Informasi intelijen yang dikumpulkan Israel selama bertahun-tahun mengenai Hizbullah, terutama dalam konteks keterlibatan kelompok teror tersebut dalam perang saudara di Suriah, memungkinkan terjadinya serangan Israel baru-baru ini terhadap Hizbullah, yang berpuncak pada tersingkirnya pemimpin kelompok teror tersebut, Hassan Nasrallah, pada hari Jumat, menurut sebuah laporan. Senin Waktu Keuangan laporan.
Laporan tersebut mencatat, dengan mengutip para pejabat dan mantan pejabat, bahwa sejak tahun 2006 dan Perang Lebanon Kedua, kualitas dan tingkat intelijen yang dapat dikumpulkan Israel mengenai kelompok teror tersebut telah berubah secara signifikan.
Perang saudara di Suriah, di mana Hizbullah mendukung rezim Assad, merupakan kesempatan bagi Israel untuk mengumpulkan informasi intelijen mengenai kelompok teror tersebut.
Menurut laporan tersebut, ketika Hizbullah meningkatkan jangkauannya di Suriah, mereka juga memperluas celah bagi Israel untuk menyusup ke wilayah tersebut.
Hizbullah ‘harus mengungkapkan diri mereka di Suriah’

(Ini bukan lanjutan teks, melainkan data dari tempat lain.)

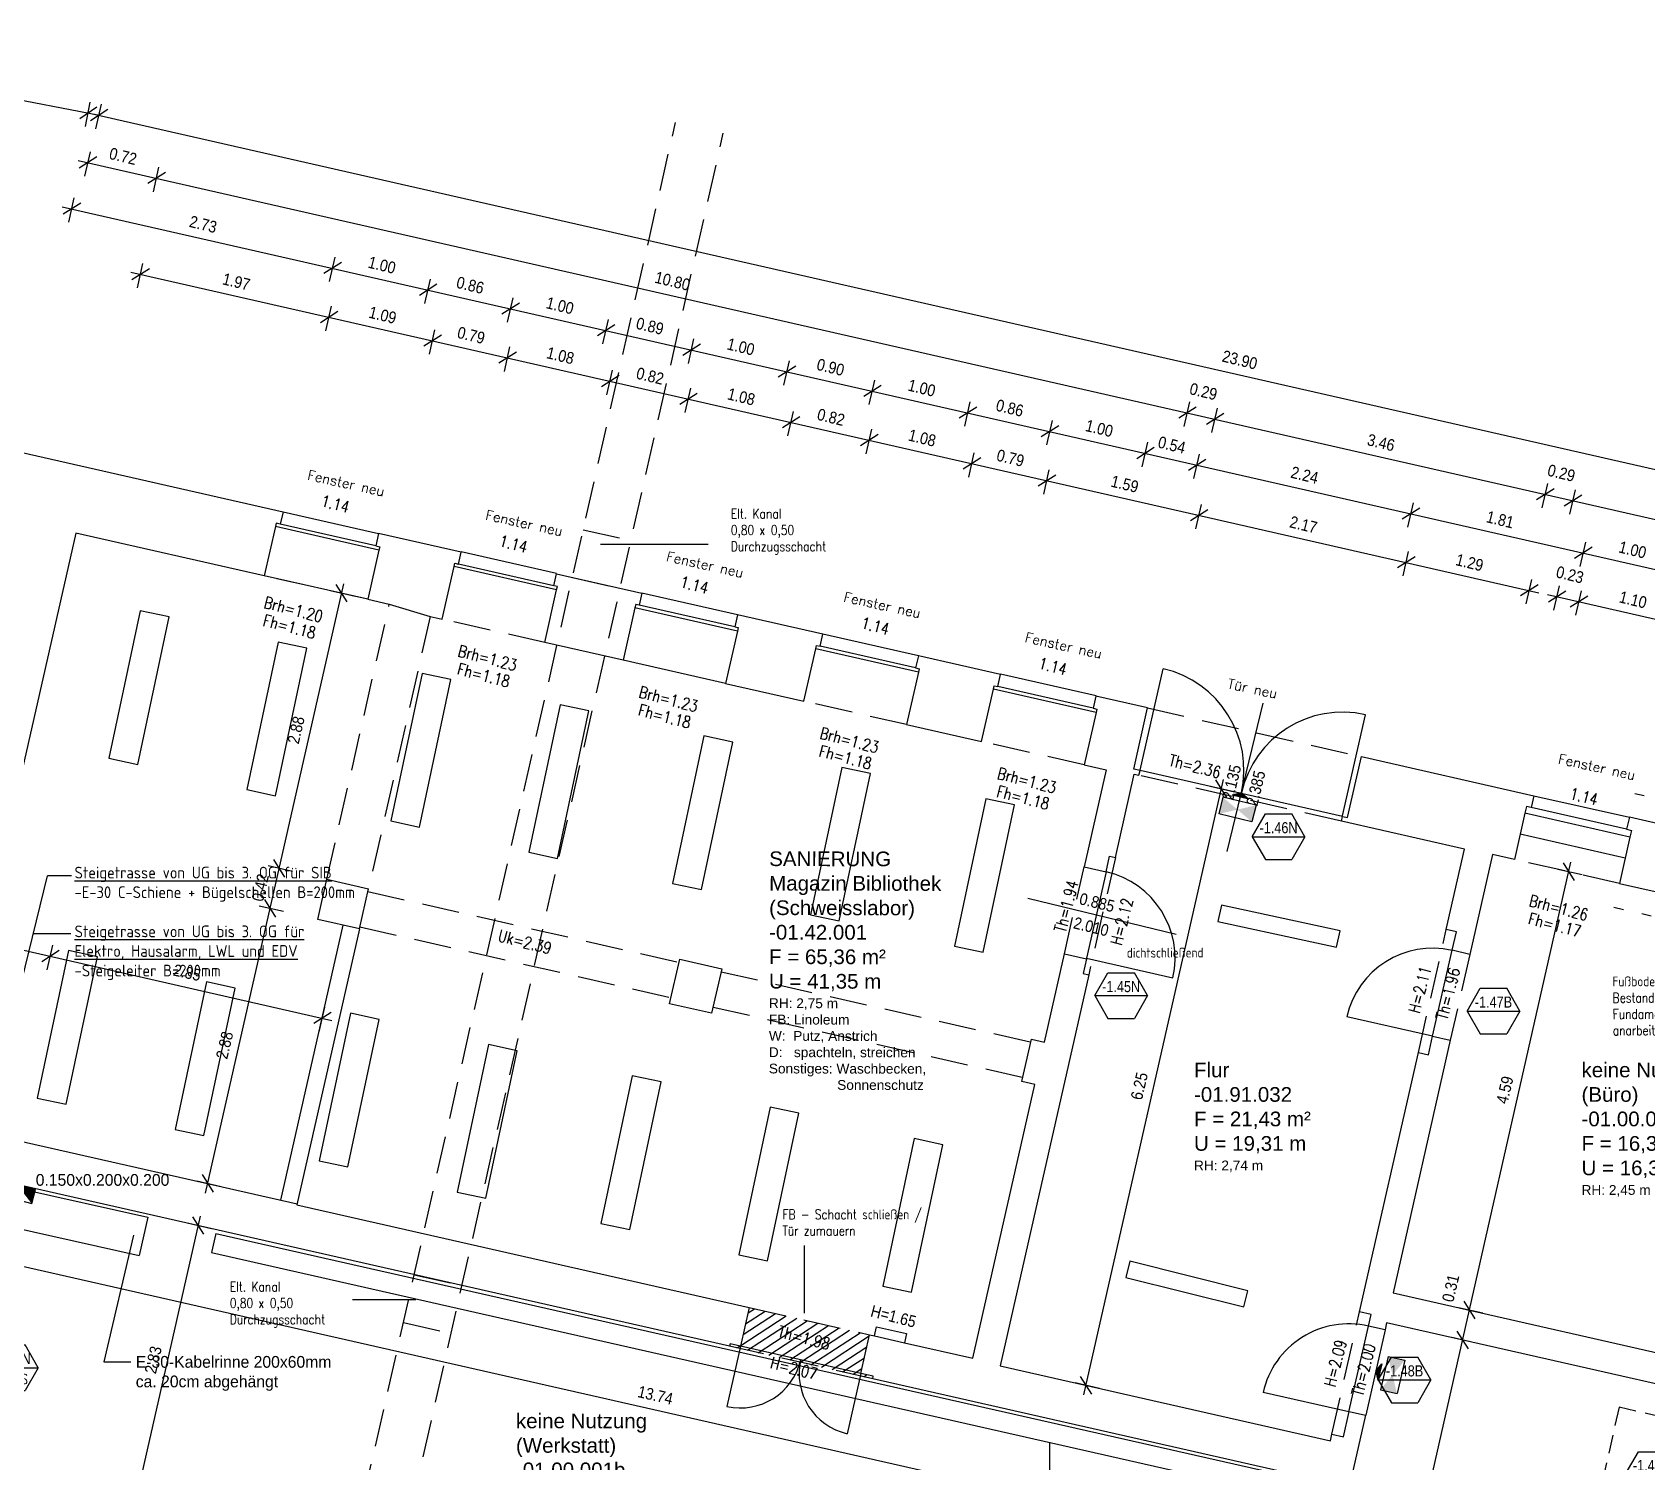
# Model space of a CAD drawing. Header units: metres. Extents: x 157 to 276, y 126 to 187.
# Drawn here: x 236.08 to 252.57, y 157.45 to 172.05 of the extents above; entities that cross this region are included whole.
import ezdxf
from ezdxf.enums import TextEntityAlignment as Align

# ---------------------------------------------------------------- set-up
doc = ezdxf.new("R2010")
doc.units = ezdxf.units.M
doc.header["$LTSCALE"] = 0.03
for name, pattern in [('AUSGEZOGEN', [0]), ('DOT', [0]), ('PUNKT', [6.35, 0, -6.35]), ('STRICHLINIE', [19.05, 12.7, -6.35]), ('VERDECKT', [9.525, 6.35, -3.175])]:
    doc.linetypes.add(name, pattern=pattern)
for name, color, linetype in [('A_abriss', 44, '_ABBRUCH'), ('A_ansicht', 9, 'Continuous'), ('A_bemaßung', 2, 'Continuous'), ('A_BRANDSCHUTZ', 10, 'Continuous'), ('A_EINBAUTEN', 2, 'Continuous'), ('A_Elektro', 1, 'Continuous'), ('A_Fenster', 7, 'Continuous'), ('A_höhen', 3, 'Continuous'), ('A_NR_TÜR', 1, 'Continuous'), ('A_räume', 5, 'Continuous'), ('A_schraffur', 10, 'Continuous'), ('A_text', 5, 'Continuous'), ('A_Tuernummern', 1, 'Continuous'), ('A_TXT-TUER', 1, 'Continuous'), ('A_türen', 9, 'Continuous'), ('A_verdeckt', 8, 'STRICHLINIE'), ('A_wände', 6, 'Continuous'), ('E__DURCHBR', 2, 'Continuous'), ('E__LEUCHTEN', 6, 'AUSGEZOGEN'), ('E__VERSYS', 2, 'AUSGEZOGEN'), ('Standard', 7, 'AUSGEZOGEN')]:
    doc.layers.add(name, color=color, linetype=linetype)
doc.styles.add('arial-n', font='ARIALN.TTF')
doc.styles.add('BOLDSIMP_FNT', font='TXT', dxfattribs={"height": 1})
doc.styles.add('ISO9', font='iso8.shx', dxfattribs={"height": 0.12})
doc.styles.add('NORM', font='simplex.shx', dxfattribs={"width": 0.7, "bigfont": 'bigfont.shx'})
doc.styles.add('SIMPLEX', font='simplex.shx', dxfattribs={"width": 0.8, "height": 0.1})
doc.linetypes.add('_ABBRUCH', pattern='A,25,[101,cadkon.shx,S=3.5,R=0,X=0,Y=0],25', length=50)
doc.dimstyles.get("Standard").update_dxf_attribs({"dimtxt": 0.18, "dimasz": 0.18, "dimexe": 0.18, "dimexo": 0.0625, "dimgap": 0.09, "dimtad": 0, "dimtih": 1, "dimtoh": 1, "dimdec": 4, "dimzin": 0, "dimdsep": 46, "dimlunit": 3, "dimtxsty": 'Standard', "dimcen": 0.09, "dimadec": 0, "dimazin": 0, "dimtfac": 1, "dimtdec": 4, "dimtofl": 0, "dimtmove": 2, "dimatfit": 3, "dimfxl": 1, "dimtolj": 1, "dimtzin": 0, "dimarcsym": 0})

# ---------------------------------------------------------------- blocks, each defined once
blk = doc.blocks.new('SLASH1')
at = {"layer": 'A_bemaßung', "color": 2, "linetype": 'Continuous'}
for p, q in [((0.07663, 0.07663), (-0.07319, -0.07319)), ((0, -0.14068), (0, 0.11466))]:
    blk.add_line(p, q, dxfattribs=at)
blk = doc.blocks.new('Tür-Nr')
at = {"layer": 'A_NR_TÜR'}
for p, q in [((-0.057, -108.865), (0.077, -108.632)), ((0.077, -108.632), (0.347, -108.632)), ((0.481, -108.865), (0.347, -108.632)), ((-0.057, -108.865), (0.481, -108.865)), ((-0.057, -108.865), (0.077, -109.098)), ((0.481, -108.865), (0.347, -109.098)), ((0.077, -109.098), (0.347, -109.098))]:
    blk.add_line(p, q, dxfattribs=at)
at = {"layer": 'A_TXT-TUER', "style": 'arial-n', "flags": 4}
blk.add_attdef('TÜR-NR.', text='', height=0.113, dxfattribs=at).set_placement((0.211, -108.772), align=Align.MIDDLE_CENTER)
at = {"layer": 'A_TXT-TUER', "style": 'NORM', "width": 0.7}
for tag, flags, p in [('BRANDSCHUTZ', 4, (0.229, -108.981)), ('DIN', 5, (0.214, -109.198)), ('ABMESSUNG', 5, (0.214, -109.333)), ('MATERIAL', 5, (0.214, -109.467)), ('WANDART', 5, (0.214, -109.601)), ('SCHLOSS', 5, (0.214, -109.87)), ('ZARGE', 5, (0.214, -109.736)), ('BESCHLÄGE', 5, (0.214, -110.005)), ('SONSTIGES', 5, (0.214, -110.139))]:
    blk.add_attdef(tag, text='', height=0.0784, dxfattribs=dict(at, flags=flags)).set_placement(p, align=Align.MIDDLE_CENTER)
blk = doc.blocks.new('PU1')
at = {"color": 3}
for p, q in [((-119, -55), (-119, 70)), ((-119, 70), (131, 70)), ((131, -55), (131, 70)), ((-119, -55), (131, -55)), ((-56, -87), (69, -87)), ((6, -118), (-56, -87)), ((6, -118), (69, -87))]:
    blk.add_line(p, q, dxfattribs=at)
for points in [[(-119, 70), (-119, -55), (131, -55), (131, 70)], [(69, -87), (-56, -87), (6, -118)]]:
    blk.add_solid(points, dxfattribs=at)
blk = doc.blocks.new('I108')
for p, q in [((-7.7, 1.5), (-7.7, -1.5)), ((7.7, 1.5), (-7.7, 1.5)), ((7.7, -1.5), (7.7, 1.5)), ((-7.7, -1.5), (7.7, -1.5))]:
    blk.add_line(p, q)
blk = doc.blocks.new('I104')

Di Suriah, kelompok teror tersebut harus merekrut anggota baru dan berkomunikasi dengan entitas lain, seperti rezim Assad dan intelijen Rusia. Selain itu, berita kematian dan pemakaman teroris Hizbullah juga memberikan informasi tentang teroris, keberadaan mereka, dan pejabat senior lainnya.
Seorang mantan politikus senior Lebanon dikutip oleh Waktu Keuangan bahwa para teroris “harus mengungkapkan diri mereka di Suriah.”
Informasi luas tersebut kemudian disandingkan dengan berbagai kemampuan teknologi Israel.Salah satu yang dikutip dalam laporan tersebut adalah Unit IDF 9900 di Direktorat Intelijen, yang menyisir berbagai informasi visual untuk mencari perubahan kecil yang menunjukkan adanya petunjuk.
Hal ini pada akhirnya memungkinkan Israel, menurut laporan itu, untuk menemukan Nasrallah dalam waktu singkat.